A combined first-principles and machine learning study of phase stability and thermoelectric properties in ZrSiPt

Abstract

ZrSiPt is a versatile ternary compound that stabilizes in two distinct crystal structures: a cubic half-Heusler phase and an orthorhombic TiNiSi-type phase. This study presents an integrated first-principles and machine learning (ML) investigation of its phase-dependent structural, electronic, mechanical, thermodynamic, and thermoelectric properties. Density functional theory (DFT) calculations with the GGA-PBE functional and TB-mBJ potential reveal that the cubic phase is an indirect-gap semiconductor (∼1.40 eV), while the orthorhombic phase is a semimetallic, mechanically stiff and anisotropic system. Spin–orbit coupling is shown to have a negligible effect on the electronic structure. Thermodynamic analysis within the quasi-harmonic approximation suggests a possible phase-stability crossover near 300 K, driven primarily by vibrational entropy.
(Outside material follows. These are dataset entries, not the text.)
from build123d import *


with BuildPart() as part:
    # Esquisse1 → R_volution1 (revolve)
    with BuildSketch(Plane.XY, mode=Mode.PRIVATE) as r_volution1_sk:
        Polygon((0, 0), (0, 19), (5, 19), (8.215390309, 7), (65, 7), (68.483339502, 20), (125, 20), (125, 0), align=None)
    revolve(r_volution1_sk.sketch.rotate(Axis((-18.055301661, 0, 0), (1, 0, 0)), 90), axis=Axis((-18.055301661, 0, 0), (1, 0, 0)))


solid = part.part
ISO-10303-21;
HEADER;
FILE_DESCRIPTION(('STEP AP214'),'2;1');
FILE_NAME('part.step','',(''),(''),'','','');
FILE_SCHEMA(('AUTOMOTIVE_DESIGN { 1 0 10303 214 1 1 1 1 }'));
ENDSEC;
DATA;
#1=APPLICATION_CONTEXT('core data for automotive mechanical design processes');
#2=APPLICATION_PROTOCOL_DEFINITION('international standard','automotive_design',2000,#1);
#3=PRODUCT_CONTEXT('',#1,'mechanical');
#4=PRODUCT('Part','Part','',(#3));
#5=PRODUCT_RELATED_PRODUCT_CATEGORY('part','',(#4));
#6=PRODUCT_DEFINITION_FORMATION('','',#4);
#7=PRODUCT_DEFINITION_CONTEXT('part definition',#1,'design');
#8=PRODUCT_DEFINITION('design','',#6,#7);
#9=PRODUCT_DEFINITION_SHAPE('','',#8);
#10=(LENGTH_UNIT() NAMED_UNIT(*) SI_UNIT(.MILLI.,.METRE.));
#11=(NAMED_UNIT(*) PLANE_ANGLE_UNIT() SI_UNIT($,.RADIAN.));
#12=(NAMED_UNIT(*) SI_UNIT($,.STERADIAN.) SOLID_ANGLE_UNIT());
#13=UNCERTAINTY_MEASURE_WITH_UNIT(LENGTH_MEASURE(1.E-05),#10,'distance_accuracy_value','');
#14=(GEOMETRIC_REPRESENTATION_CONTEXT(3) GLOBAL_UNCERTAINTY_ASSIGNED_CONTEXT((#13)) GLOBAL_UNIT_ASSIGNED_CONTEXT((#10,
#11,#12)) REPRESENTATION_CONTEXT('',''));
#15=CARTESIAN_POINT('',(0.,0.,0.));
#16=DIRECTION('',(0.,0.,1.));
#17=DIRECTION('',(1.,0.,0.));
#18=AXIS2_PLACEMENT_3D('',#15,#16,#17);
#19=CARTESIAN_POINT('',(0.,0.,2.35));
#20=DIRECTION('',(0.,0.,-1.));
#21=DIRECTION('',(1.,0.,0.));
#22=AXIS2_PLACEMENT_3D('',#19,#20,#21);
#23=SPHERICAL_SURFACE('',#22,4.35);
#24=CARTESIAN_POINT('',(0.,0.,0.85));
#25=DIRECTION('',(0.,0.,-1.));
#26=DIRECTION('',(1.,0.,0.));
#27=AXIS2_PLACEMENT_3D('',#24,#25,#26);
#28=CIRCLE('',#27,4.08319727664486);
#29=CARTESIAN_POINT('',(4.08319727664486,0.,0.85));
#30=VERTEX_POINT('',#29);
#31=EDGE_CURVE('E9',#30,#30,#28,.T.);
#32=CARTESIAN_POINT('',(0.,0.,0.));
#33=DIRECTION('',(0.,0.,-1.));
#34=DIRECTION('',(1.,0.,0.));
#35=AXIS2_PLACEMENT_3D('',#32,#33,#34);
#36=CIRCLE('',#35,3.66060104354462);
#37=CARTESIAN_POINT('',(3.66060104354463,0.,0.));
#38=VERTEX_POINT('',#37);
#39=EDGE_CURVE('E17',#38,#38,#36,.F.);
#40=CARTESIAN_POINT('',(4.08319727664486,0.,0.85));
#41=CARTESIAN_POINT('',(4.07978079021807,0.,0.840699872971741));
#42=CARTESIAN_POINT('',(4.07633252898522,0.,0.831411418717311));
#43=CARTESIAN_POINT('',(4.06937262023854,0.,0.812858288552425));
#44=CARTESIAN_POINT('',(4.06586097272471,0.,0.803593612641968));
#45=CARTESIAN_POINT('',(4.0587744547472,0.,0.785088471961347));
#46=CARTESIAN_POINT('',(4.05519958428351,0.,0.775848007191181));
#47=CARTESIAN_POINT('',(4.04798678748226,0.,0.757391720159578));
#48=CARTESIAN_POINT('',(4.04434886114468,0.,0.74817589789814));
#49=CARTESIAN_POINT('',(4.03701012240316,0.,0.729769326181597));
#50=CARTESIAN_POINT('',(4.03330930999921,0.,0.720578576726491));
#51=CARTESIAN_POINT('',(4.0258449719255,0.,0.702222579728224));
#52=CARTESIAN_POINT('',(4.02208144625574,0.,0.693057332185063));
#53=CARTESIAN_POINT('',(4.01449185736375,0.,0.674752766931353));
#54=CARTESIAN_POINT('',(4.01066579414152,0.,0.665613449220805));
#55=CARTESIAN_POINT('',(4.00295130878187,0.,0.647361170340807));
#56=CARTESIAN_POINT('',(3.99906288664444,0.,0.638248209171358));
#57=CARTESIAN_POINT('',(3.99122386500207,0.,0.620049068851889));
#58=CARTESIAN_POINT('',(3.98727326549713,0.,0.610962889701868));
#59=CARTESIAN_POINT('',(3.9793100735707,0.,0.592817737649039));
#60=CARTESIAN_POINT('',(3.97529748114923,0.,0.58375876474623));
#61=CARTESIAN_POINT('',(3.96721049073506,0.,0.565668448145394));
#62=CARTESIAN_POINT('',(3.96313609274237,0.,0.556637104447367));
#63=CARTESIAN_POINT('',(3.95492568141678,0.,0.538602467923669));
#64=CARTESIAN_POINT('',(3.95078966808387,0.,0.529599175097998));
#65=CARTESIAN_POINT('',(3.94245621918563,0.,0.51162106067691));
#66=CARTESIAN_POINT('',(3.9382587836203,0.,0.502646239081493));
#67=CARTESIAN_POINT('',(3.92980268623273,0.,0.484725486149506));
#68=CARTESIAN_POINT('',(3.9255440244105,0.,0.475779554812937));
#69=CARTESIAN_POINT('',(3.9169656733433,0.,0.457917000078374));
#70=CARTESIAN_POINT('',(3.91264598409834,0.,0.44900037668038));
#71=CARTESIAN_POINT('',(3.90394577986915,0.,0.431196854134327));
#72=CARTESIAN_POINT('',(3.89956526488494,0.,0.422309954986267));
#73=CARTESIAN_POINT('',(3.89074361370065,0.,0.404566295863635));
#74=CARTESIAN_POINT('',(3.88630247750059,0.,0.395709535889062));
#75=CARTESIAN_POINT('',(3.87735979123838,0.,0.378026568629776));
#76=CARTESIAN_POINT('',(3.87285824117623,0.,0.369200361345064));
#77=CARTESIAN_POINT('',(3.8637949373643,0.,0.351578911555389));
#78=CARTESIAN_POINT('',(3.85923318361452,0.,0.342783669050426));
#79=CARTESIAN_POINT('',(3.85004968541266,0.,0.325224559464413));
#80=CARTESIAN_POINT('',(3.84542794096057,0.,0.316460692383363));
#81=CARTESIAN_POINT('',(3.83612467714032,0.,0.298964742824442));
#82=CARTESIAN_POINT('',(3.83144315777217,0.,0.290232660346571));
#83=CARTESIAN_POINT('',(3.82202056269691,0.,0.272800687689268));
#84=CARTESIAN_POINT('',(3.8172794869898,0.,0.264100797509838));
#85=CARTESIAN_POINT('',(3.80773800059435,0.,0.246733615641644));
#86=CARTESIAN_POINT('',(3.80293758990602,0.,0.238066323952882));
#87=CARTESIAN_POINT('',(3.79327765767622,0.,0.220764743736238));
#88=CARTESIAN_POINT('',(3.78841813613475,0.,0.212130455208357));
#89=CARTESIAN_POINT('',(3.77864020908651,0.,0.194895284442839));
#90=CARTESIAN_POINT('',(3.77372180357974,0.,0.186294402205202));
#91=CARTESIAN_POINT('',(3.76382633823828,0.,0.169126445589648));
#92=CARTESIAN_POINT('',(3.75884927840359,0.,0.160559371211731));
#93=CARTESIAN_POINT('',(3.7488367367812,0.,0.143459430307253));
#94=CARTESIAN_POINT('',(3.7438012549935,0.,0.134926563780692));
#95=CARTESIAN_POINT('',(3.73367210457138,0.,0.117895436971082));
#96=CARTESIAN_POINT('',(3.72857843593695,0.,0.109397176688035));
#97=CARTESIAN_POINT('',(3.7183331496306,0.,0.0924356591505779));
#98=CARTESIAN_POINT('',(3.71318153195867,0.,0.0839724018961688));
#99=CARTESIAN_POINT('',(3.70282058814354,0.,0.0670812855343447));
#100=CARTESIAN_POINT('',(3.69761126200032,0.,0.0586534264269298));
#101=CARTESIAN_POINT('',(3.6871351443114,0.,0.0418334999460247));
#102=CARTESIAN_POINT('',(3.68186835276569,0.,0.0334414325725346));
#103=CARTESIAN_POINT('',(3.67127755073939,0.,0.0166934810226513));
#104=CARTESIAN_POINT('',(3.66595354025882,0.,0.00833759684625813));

Refined transport calculations, incorporating deformation-potential-derived relaxation times and lattice thermal conductivity from the Debye–Callaway model, drastically revise the thermoelectric assessment: the cubic phase exhibits a high lattice thermal conductivity that suppresses its figure of merit (ZT), whereas the orthorhombic phase, with intrinsically low thermal conductivity, emerges as the more promising candidate for further investigation. A proof-of-concept machine-learning framework; trained on a synthetic dataset derived from DFT results and validated via stratified cross-validation; successfully classifies the crystal phase (∼90% accuracy) and predicts key thermoelectric properties. Feature-importance analysis identifies lattice constant and band gap as the dominant descriptors, directly linking geometric packing and electronic stability to phase selection. This combined DFT+ML approach not only elucidates the dual-phase behavior of ZrSiPt but also demonstrates a synergistic workflow for accelerating the design of phase-specific materials for thermoelectric, optoelectronic, and mechanically robust applications.